The truth is, although some of our students are undoubtedly gifted with an inherent natural strength for writing, all our students can become good writers.
Such optimism may seem naïve. Indeed, some readers' brows may be furrowed in skepticism, wondering whether I speak from experiences teaching in affluent school districts, where students are privileged, classes are small, and after-school programs provide enrichment. Before I share the practices my peers and I have developed that have resulted in extraordinary growth in our students' writing abilities, let me assure readers that that's not the case.
I teach at Mastery Charter School Shoemaker Campus, an urban public school, serving grades 7–12 in West Philadelphia. Ninety percent of our students receive free lunches; 28 percent receive special education supports. We are a neighborhood school serving a proud, extraordinary, strong, and ambitious community—simultaneously strengthened by the wisdom of elders, community activists, and our vibrant young people, and challenged by the traumas of violence, poverty, and systemic oppression.

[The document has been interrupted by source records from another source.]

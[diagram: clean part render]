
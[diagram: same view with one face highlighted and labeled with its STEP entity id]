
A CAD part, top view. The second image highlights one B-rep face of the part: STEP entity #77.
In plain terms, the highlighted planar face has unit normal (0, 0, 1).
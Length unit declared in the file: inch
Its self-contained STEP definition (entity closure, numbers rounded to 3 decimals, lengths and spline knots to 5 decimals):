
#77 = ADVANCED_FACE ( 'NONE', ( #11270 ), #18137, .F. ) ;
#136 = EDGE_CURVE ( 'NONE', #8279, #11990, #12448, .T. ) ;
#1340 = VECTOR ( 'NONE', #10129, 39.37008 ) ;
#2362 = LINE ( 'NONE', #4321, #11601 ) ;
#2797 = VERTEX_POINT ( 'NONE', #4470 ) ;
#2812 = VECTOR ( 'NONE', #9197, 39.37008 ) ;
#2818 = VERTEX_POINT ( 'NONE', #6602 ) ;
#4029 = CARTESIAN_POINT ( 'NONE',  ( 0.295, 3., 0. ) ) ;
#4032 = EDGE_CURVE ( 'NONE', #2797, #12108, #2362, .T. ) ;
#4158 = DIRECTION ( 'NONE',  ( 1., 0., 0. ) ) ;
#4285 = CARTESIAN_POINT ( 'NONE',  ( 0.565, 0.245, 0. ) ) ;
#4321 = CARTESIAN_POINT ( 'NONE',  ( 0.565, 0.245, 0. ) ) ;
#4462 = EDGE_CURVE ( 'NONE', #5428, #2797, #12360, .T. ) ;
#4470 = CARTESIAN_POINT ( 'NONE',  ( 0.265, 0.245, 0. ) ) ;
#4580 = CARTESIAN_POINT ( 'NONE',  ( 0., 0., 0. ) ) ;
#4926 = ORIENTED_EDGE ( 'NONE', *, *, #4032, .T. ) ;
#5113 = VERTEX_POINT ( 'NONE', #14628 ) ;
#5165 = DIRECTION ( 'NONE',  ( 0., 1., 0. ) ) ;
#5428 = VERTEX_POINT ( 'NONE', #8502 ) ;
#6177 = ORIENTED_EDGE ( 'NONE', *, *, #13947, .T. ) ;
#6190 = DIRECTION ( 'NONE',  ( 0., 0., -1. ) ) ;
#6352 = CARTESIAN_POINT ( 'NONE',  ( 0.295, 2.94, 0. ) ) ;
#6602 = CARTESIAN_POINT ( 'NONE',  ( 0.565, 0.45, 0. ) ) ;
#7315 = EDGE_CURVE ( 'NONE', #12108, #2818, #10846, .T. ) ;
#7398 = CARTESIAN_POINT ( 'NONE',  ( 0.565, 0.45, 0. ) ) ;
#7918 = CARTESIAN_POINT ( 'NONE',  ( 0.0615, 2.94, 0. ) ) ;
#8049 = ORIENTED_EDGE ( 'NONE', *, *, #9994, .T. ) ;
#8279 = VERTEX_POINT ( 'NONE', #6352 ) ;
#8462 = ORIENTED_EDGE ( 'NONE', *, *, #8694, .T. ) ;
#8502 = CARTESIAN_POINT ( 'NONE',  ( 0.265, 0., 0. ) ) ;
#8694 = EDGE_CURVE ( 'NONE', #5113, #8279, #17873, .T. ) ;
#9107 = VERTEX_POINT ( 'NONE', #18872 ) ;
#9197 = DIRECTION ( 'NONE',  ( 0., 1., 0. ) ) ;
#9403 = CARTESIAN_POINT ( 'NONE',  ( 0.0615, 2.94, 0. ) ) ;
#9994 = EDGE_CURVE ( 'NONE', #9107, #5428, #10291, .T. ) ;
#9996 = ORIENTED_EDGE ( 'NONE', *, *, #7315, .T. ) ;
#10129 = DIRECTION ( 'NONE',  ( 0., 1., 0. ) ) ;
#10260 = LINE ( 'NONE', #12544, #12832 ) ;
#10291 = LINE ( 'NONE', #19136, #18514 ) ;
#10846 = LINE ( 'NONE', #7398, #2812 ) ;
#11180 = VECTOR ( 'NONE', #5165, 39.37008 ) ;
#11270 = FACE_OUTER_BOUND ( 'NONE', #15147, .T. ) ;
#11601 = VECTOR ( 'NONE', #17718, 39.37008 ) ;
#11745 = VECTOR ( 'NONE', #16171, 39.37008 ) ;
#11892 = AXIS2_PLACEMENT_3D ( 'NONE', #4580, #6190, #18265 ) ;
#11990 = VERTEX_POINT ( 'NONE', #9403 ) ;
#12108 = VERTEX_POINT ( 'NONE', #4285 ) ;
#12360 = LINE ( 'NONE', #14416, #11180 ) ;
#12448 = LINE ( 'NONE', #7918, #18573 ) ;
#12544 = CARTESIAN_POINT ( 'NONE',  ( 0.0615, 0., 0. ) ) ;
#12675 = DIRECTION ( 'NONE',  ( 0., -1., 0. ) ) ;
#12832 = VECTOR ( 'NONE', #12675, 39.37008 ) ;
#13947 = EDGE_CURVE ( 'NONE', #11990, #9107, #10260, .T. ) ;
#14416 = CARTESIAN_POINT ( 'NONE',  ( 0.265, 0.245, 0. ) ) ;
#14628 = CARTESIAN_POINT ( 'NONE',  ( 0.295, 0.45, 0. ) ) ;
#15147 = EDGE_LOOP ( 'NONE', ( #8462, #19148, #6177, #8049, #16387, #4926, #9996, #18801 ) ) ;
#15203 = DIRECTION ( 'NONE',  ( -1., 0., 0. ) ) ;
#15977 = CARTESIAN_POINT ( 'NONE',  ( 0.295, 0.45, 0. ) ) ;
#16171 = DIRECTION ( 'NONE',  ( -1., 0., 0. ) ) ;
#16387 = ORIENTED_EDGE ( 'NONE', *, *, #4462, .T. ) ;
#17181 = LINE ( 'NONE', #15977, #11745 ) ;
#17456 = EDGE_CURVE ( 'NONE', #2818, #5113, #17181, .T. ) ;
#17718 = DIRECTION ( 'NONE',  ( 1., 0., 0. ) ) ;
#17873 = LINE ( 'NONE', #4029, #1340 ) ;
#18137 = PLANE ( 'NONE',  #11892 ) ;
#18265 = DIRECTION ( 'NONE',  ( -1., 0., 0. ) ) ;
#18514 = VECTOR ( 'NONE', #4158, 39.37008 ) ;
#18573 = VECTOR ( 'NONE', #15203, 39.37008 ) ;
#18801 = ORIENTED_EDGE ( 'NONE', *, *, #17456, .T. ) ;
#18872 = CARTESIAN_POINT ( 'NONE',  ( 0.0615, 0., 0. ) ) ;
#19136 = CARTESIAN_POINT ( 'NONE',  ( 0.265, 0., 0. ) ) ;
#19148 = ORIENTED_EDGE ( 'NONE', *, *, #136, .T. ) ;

So you might wonder how it is that our graduating seniors' scores on college placement exams often demonstrate college readiness. Or how we've ensured that Shoemaker's seniors graduate having written more than 50 multi-page essays in their senior year alone, including using primary and secondary sources for literary analysis term papers and mastering MLA style for citing these sources. The answer, in short, is a combination of rigorous expectations, a student-centered approach to teaching writing, and explicit guidance, with appropriate feedback and modeling, on how to get from point A to point B.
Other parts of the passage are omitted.